What’s happening now?

Faced with a public health crisis, an unstable healthcare system, and unpredictable retirement, younger consumers are prioritizing their health. They are reevaluating many cultural norms about what kind of food they eat and how it makes them feel. As a result, the CPG market is seeing increased demand for nutritional supplements, balanced meals, fresh food subscription services, and plant-based alternatives. 

Sustainability

Sustainable brands were already on the rise long before the pandemic (again, largely thanks to millennials) and the last two years have seen the CPG sustainability trend gain even more momentum. The rise of online shopping and direct-to-consumer sales has brought waste—especially in distribution and packaging—into the spotlight. Many consumers are now beginning to favor compostable materials, fresh food, and minimal packaging.

What’s Happening Now?

As climate concerns garner more attention, sustainability is emerging as a critical consumer value—especially in the CPG sector.

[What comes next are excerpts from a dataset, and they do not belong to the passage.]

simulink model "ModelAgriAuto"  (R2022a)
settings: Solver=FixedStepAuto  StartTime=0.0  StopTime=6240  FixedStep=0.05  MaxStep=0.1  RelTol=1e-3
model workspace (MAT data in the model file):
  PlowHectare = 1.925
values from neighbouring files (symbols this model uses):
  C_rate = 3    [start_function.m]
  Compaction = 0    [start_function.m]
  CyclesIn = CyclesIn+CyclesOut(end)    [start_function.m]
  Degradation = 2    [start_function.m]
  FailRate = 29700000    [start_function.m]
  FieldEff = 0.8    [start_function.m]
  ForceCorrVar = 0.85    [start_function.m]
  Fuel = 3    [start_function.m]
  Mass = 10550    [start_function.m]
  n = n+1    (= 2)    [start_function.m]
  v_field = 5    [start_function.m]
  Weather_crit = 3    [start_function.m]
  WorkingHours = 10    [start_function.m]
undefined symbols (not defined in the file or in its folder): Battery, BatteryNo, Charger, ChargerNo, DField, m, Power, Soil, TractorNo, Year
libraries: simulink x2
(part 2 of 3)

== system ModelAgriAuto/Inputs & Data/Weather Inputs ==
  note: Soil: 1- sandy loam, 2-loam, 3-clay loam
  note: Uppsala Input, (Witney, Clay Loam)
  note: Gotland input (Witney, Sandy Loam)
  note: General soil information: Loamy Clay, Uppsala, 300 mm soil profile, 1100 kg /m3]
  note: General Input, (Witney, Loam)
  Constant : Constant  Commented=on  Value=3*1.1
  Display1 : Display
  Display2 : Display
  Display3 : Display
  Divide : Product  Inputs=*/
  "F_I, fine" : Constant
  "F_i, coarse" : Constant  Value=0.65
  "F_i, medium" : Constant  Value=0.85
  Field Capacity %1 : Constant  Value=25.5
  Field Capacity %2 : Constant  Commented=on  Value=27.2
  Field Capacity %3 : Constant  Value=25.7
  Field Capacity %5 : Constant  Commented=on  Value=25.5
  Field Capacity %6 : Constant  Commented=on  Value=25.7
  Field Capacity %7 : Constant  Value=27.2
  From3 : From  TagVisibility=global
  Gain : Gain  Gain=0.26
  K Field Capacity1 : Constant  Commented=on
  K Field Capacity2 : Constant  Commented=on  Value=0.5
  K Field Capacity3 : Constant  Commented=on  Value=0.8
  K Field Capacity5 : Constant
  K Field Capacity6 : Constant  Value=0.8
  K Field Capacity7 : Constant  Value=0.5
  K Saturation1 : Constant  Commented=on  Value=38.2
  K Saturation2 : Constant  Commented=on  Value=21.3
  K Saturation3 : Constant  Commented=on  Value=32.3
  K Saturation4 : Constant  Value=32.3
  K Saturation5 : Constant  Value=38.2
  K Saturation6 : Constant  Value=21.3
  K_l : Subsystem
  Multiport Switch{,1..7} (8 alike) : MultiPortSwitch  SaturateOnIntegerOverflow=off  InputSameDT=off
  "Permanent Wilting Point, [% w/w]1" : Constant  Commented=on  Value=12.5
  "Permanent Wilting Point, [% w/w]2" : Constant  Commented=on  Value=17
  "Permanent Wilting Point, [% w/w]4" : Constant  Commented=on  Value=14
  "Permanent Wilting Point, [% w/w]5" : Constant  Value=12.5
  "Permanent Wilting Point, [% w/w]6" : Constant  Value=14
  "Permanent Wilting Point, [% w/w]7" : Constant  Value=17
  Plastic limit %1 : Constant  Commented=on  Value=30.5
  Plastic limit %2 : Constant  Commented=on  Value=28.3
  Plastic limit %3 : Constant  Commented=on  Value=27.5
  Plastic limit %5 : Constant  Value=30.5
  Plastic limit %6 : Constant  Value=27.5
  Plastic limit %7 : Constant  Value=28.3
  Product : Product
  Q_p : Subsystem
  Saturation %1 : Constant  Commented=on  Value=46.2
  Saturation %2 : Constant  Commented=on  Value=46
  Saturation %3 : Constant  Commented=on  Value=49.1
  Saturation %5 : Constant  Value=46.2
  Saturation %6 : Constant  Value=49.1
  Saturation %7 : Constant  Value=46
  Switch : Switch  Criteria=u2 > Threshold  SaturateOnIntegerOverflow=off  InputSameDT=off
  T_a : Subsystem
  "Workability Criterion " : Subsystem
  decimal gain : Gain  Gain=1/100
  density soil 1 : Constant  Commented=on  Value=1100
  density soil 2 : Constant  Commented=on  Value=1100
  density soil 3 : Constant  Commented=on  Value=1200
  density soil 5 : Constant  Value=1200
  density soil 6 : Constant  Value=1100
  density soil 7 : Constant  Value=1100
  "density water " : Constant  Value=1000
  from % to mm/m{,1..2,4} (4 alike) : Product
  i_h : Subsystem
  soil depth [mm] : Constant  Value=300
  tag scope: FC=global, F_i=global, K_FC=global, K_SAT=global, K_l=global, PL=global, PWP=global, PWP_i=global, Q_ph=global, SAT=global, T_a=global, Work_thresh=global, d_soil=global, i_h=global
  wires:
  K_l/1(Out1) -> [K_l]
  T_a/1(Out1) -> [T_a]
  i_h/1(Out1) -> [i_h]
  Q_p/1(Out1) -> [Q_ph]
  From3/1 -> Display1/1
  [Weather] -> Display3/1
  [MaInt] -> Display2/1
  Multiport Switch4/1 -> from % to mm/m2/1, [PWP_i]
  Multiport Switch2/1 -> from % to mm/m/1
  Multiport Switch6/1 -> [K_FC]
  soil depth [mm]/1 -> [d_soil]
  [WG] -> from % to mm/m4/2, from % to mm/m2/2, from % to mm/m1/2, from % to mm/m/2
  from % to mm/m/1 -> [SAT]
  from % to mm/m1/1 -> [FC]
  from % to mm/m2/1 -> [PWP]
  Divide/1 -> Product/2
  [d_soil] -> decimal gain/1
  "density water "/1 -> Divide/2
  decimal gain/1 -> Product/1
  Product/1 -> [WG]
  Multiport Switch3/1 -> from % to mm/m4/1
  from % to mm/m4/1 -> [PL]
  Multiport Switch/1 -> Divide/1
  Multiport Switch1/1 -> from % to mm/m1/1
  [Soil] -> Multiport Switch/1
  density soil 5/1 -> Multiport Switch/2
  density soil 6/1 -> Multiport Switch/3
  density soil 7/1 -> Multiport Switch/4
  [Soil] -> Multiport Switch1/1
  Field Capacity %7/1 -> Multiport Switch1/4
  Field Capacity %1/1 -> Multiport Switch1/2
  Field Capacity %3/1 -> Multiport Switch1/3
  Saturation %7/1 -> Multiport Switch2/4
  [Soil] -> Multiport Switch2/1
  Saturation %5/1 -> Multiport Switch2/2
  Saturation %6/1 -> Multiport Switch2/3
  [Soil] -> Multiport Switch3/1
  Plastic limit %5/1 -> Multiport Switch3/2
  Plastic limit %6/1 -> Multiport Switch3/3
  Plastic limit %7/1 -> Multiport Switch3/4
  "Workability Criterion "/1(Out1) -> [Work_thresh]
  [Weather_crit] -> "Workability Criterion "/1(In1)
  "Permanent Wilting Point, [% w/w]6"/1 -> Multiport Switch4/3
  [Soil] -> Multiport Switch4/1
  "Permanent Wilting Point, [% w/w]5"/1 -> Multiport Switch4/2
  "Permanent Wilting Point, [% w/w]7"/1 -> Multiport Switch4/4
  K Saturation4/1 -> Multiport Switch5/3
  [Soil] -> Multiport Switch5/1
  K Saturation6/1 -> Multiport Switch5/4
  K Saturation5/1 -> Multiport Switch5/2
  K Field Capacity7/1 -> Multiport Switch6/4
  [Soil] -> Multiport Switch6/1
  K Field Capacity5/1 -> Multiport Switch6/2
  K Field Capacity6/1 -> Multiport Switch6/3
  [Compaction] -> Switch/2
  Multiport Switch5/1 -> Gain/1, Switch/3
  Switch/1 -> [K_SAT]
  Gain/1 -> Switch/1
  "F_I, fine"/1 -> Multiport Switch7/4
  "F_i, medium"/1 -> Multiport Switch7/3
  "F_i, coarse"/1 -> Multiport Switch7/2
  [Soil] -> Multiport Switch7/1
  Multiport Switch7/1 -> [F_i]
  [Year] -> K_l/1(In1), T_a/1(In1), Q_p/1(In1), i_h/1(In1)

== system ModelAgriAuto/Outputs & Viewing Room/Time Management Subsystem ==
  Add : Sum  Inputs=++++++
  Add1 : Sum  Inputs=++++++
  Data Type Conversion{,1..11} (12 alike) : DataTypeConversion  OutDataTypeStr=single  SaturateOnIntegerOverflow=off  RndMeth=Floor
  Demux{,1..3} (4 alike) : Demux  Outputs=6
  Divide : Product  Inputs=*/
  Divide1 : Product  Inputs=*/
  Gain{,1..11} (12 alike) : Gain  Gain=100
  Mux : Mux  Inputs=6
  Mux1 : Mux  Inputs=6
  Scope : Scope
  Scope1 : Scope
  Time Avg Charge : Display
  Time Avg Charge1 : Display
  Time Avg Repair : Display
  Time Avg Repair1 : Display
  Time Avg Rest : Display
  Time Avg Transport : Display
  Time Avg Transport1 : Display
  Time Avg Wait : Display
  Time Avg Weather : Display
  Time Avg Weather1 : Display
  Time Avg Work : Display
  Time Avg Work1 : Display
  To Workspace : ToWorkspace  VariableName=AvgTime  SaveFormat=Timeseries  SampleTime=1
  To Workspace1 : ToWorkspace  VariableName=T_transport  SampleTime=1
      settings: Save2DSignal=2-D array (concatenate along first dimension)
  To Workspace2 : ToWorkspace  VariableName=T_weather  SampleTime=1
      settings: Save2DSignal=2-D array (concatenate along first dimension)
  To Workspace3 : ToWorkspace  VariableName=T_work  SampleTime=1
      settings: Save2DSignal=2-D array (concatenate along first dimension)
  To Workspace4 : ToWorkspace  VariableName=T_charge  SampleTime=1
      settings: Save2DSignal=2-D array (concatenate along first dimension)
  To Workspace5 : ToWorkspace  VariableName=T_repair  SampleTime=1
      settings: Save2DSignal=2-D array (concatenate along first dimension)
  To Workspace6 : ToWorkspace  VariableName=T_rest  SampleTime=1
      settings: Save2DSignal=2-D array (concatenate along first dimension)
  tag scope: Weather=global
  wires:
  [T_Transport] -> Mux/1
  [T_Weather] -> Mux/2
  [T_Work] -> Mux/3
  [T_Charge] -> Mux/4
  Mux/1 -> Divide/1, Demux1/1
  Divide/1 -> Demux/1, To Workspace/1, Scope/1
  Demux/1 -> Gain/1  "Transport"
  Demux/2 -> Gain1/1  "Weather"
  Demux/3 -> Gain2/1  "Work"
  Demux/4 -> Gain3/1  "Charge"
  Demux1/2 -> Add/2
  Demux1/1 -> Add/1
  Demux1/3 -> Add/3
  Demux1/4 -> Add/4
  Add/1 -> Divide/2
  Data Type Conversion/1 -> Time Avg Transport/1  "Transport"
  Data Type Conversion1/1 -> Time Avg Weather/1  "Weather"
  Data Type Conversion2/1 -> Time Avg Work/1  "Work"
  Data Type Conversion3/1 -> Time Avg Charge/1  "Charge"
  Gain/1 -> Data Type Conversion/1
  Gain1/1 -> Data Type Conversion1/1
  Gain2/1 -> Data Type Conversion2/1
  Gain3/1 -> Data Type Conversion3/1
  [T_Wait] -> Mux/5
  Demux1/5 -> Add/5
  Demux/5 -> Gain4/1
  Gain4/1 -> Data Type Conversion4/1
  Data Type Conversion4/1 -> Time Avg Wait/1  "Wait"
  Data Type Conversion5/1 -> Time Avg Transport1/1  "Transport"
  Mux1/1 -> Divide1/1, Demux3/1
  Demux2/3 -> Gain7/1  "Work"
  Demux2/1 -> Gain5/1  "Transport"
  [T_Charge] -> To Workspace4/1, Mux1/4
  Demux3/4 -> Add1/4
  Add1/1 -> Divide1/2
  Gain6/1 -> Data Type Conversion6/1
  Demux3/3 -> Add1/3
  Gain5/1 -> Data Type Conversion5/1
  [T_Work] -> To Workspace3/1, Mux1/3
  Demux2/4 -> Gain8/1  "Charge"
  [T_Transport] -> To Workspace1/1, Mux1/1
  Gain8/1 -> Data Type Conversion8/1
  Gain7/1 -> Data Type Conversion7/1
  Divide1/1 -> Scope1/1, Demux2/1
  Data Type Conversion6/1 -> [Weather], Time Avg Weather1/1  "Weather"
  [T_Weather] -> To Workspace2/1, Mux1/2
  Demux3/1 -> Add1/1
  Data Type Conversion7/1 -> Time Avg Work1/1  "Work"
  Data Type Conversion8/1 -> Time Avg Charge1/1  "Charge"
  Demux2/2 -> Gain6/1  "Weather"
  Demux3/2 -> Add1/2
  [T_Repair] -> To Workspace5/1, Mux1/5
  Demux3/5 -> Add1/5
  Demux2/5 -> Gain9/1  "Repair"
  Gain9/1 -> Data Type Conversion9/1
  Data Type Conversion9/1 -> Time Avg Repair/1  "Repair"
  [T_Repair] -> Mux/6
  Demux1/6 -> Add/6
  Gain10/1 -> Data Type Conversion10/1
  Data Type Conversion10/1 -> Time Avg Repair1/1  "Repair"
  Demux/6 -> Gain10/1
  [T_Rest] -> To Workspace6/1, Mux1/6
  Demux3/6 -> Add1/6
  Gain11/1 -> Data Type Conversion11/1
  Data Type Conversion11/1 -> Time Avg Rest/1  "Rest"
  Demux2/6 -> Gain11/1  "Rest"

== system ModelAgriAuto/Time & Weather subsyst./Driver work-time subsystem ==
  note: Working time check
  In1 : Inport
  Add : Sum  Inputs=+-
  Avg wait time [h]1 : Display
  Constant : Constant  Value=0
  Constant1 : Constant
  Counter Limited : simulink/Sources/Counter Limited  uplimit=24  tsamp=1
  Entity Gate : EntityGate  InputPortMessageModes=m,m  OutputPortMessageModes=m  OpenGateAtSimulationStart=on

Consumers are more mindful of the waste they’re creating with their habits, and lots of people are seeking products with low or net-positive impacts on the environment. Many consumers are even willing to pay a premium for sustainability in the form of compostable packaging and low-carbon production and distribution.

What did we learn?

The pandemic demonstrated how quickly global events can change consumer values and spending habits. Some brands reacted quickly to consumer data and turned adversity into opportunity, while other brands were too slow and either lost market share or closed their doors for good. We can see from the way the pandemic impacted the CPG sector that agile research, thorough market data, and fast pivots made the difference between massive success and crippling failure.